• 29
    camia bileşenlerinin ayrışmasını 1984 yılında derwall güzelce ortaya koymuştu. öncelikle dönemin galatasaray futbol takımını tasviri, içinde bulunduğumuz döneme ne de uygun...

    "...bizim istediğimiz tür antrenmanlar için kesinlikle uygun olmayan futbolcular vardı ortada. kaybetmeye mahkum tipler, bedavacılar, aylaklar ve gerçek anlamda 'emekliler'."

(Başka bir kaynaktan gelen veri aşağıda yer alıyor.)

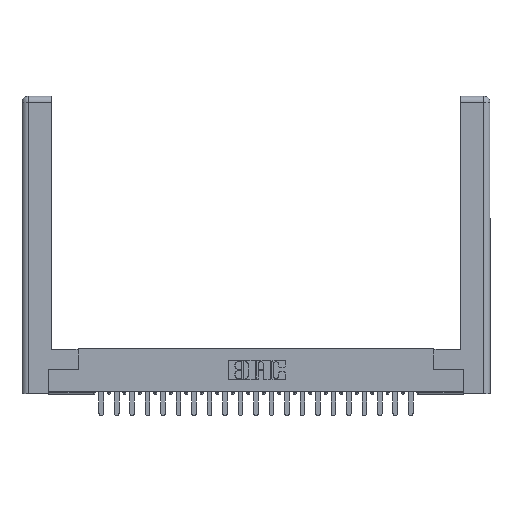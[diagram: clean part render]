
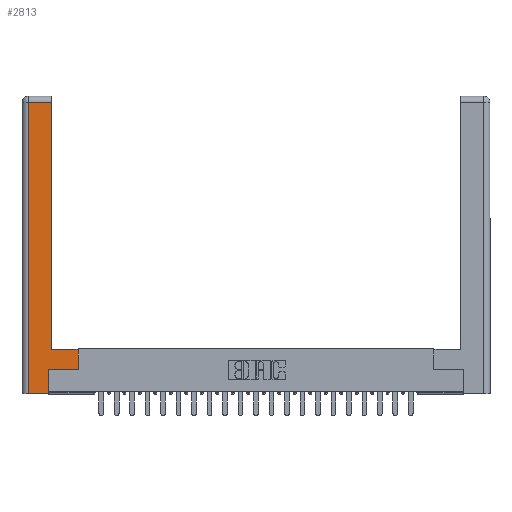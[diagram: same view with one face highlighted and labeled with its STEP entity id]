
A CAD part, top view. The second image highlights one B-rep face of the part: STEP entity #2813.
In plain terms, the highlighted planar face has unit normal (0, 0, 1).
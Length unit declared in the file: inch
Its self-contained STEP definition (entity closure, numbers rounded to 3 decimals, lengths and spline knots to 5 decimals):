
#73 = DIRECTION ( 'NONE',  ( 0., -1., 0. ) ) ;
#167 = EDGE_CURVE ( 'NONE', #4376, #19246, #13783, .T. ) ;
#1199 = LINE ( 'NONE', #7021, #24705 ) ;
#1602 = VERTEX_POINT ( 'NONE', #24356 ) ;
#1616 = VECTOR ( 'NONE', #21053, 39.37008 ) ;
#1856 = ORIENTED_EDGE ( 'NONE', *, *, #4022, .T. ) ;
#2310 = EDGE_CURVE ( 'NONE', #21931, #14977, #5309, .T. ) ;
#2513 = CARTESIAN_POINT ( 'NONE',  ( 0.565, 0.45, 0. ) ) ;
#2813 = ADVANCED_FACE ( 'NONE', ( #21203 ), #9901, .F. ) ;
#3226 = CARTESIAN_POINT ( 'NONE',  ( 0.295, 2.94, 0. ) ) ;
#3509 = LINE ( 'NONE', #7160, #15923 ) ;
#3590 = ORIENTED_EDGE ( 'NONE', *, *, #15560, .T. ) ;
#3889 = VERTEX_POINT ( 'NONE', #3226 ) ;
#4022 = EDGE_CURVE ( 'NONE', #5062, #21931, #19420, .T. ) ;
#4131 = DIRECTION ( 'NONE',  ( 0., 0., -1. ) ) ;
#4235 = DIRECTION ( 'NONE',  ( -1., 0., 0. ) ) ;
#4376 = VERTEX_POINT ( 'NONE', #2513 ) ;
#5062 = VERTEX_POINT ( 'NONE', #11156 ) ;
#5309 = LINE ( 'NONE', #20619, #6028 ) ;
#5402 = DIRECTION ( 'NONE',  ( 1., 0., 0. ) ) ;
#5648 = VECTOR ( 'NONE', #4235, 39.37008 ) ;
#6028 = VECTOR ( 'NONE', #20872, 39.37008 ) ;
#6208 = VECTOR ( 'NONE', #73, 39.37008 ) ;
#7021 = CARTESIAN_POINT ( 'NONE',  ( 0.295, 3., 0. ) ) ;
#7109 = ORIENTED_EDGE ( 'NONE', *, *, #15216, .T. ) ;
#7160 = CARTESIAN_POINT ( 'NONE',  ( 0.265, 0., 0. ) ) ;
#7933 = VECTOR ( 'NONE', #12801, 39.37008 ) ;
#9127 = CARTESIAN_POINT ( 'NONE',  ( 0.0615, 2.94, 0. ) ) ;
#9901 = PLANE ( 'NONE',  #14038 ) ;
#9909 = CARTESIAN_POINT ( 'NONE',  ( 0.295, 0.45, 0. ) ) ;
#10055 = LINE ( 'NONE', #21602, #6208 ) ;
#10923 = VERTEX_POINT ( 'NONE', #18109 ) ;
#11156 = CARTESIAN_POINT ( 'NONE',  ( 0.265, 0., 0. ) ) ;
#11728 = ORIENTED_EDGE ( 'NONE', *, *, #20341, .T. ) ;
#11896 = DIRECTION ( 'NONE',  ( -1., 0., 0. ) ) ;
#12327 = ORIENTED_EDGE ( 'NONE', *, *, #20419, .T. ) ;
#12564 = ORIENTED_EDGE ( 'NONE', *, *, #167, .T. ) ;
#12801 = DIRECTION ( 'NONE',  ( 0., 1., 0. ) ) ;
#13404 = CARTESIAN_POINT ( 'NONE',  ( 0.265, 0.245, 0. ) ) ;
#13783 = LINE ( 'NONE', #21433, #5648 ) ;
#14038 = AXIS2_PLACEMENT_3D ( 'NONE', #24867, #4131, #11896 ) ;
#14815 = CARTESIAN_POINT ( 'NONE',  ( 0.565, 0.45, 0. ) ) ;
#14977 = VERTEX_POINT ( 'NONE', #18327 ) ;
#15216 = EDGE_CURVE ( 'NONE', #19246, #3889, #1199, .T. ) ;
#15560 = EDGE_CURVE ( 'NONE', #10923, #1602, #10055, .T. ) ;
#15923 = VECTOR ( 'NONE', #5402, 39.37008 ) ;
#15938 = ORIENTED_EDGE ( 'NONE', *, *, #2310, .T. ) ;
#16590 = ORIENTED_EDGE ( 'NONE', *, *, #24888, .T. ) ;
#16684 = LINE ( 'NONE', #14815, #7933 ) ;
#17250 = VECTOR ( 'NONE', #18674, 39.37008 ) ;
#18109 = CARTESIAN_POINT ( 'NONE',  ( 0.0615, 2.94, 0. ) ) ;
#18327 = CARTESIAN_POINT ( 'NONE',  ( 0.565, 0.245, 0. ) ) ;
#18674 = DIRECTION ( 'NONE',  ( -1., 0., 0. ) ) ;
#18699 = DIRECTION ( 'NONE',  ( 0., 1., 0. ) ) ;
#18784 = EDGE_LOOP ( 'NONE', ( #7109, #16590, #3590, #11728, #1856, #15938, #12327, #12564 ) ) ;
#19246 = VERTEX_POINT ( 'NONE', #9909 ) ;
#19420 = LINE ( 'NONE', #13404, #1616 ) ;
#20341 = EDGE_CURVE ( 'NONE', #1602, #5062, #3509, .T. ) ;
#20419 = EDGE_CURVE ( 'NONE', #14977, #4376, #16684, .T. ) ;
#20619 = CARTESIAN_POINT ( 'NONE',  ( 0.565, 0.245, 0. ) ) ;
#20872 = DIRECTION ( 'NONE',  ( 1., 0., 0. ) ) ;
#21053 = DIRECTION ( 'NONE',  ( 0., 1., 0. ) ) ;
#21203 = FACE_OUTER_BOUND ( 'NONE', #18784, .T. ) ;
#21433 = CARTESIAN_POINT ( 'NONE',  ( 0.295, 0.45, 0. ) ) ;
#21602 = CARTESIAN_POINT ( 'NONE',  ( 0.0615, 0., 0. ) ) ;
#21931 = VERTEX_POINT ( 'NONE', #23597 ) ;
#23597 = CARTESIAN_POINT ( 'NONE',  ( 0.265, 0.245, 0. ) ) ;
#24204 = LINE ( 'NONE', #9127, #17250 ) ;
#24356 = CARTESIAN_POINT ( 'NONE',  ( 0.0615, 0., 0. ) ) ;
#24705 = VECTOR ( 'NONE', #18699, 39.37008 ) ;
#24867 = CARTESIAN_POINT ( 'NONE',  ( 0., 0., 0. ) ) ;
#24888 = EDGE_CURVE ( 'NONE', #3889, #10923, #24204, .T. ) ;

    özellikle kulübü yönetenlerin (sadece yönetimden bahsetmiyor, derin galatasaray'dan söz ediyor) taraftara olan uzaklığını çok güzel fark etmiş sayın derwall. türkiye anıları kitabında "sürekli bu camiada bir gariplik var diyordum, kulübü, takımı ve sokaktaki taraftarı birbirinden tümüyle ayıran bir şeyler yaşanmış olmalıydı. yıllar boyunca oluşan mesafe giderek büyümüş; tartışmadan, konuşmadan, yan yana ama birlikte paylaşılmadan yaşanmış olmalıydı. ne olduğunu o gün anladım." diyor.

    "...uzun bir çalışma gününün ardından hak edilmiş içkimizi yudumlamak üzere hoş ve tanınmış bir barın restoranında oturuyorduk... mustafa* ve ben barın tezgahına yaslanmış sohbet ediyorduk ki, hepimizin çok iyi tanıdığı bir galatasaray hayranı ve iş adamı olan çok sempatik bir bey yanımıza geldi... bir süre şundan bundan konuştuktan sonra bu bey bana, hoşuma gidecek, beni rahatlatıp destekleyecek, ama aynı zamanda da yardımcı olacak bir şeyler söylemek istedi. şöyle konuştu:
    - bay derwall, çalışmalardan, sonuçlardan ve gazetelerin günlük eleştirilerinden hoşnut olmadığınızı biiliyorum. cesaretinizi kaybetmeyin. kitle ve bizimle aynı fikirde olmayan bir yığın insan bizi ne ilgilendirir ki? galatasaray biziz bay derwall ve çizgiyi biz belirleriz. biz 'high society'iz, bunu bilmelisiniz."

    tabii sonrasında derwall yıldırım çarpmışa dönüyor ve bir bahaneyle "o bey"in yanından ayrılıyor. derwall'in tespiti günümüzün ibretlik sayfalarında yerini alıyor. bu "high society" olur olmaz, lise olur olmaz, iktidar olur olmaz. önemli değil. adına ne derseniz deyin, o yıllardaki derin uçurumun günümüzde de yaşandığını görmek mümkün.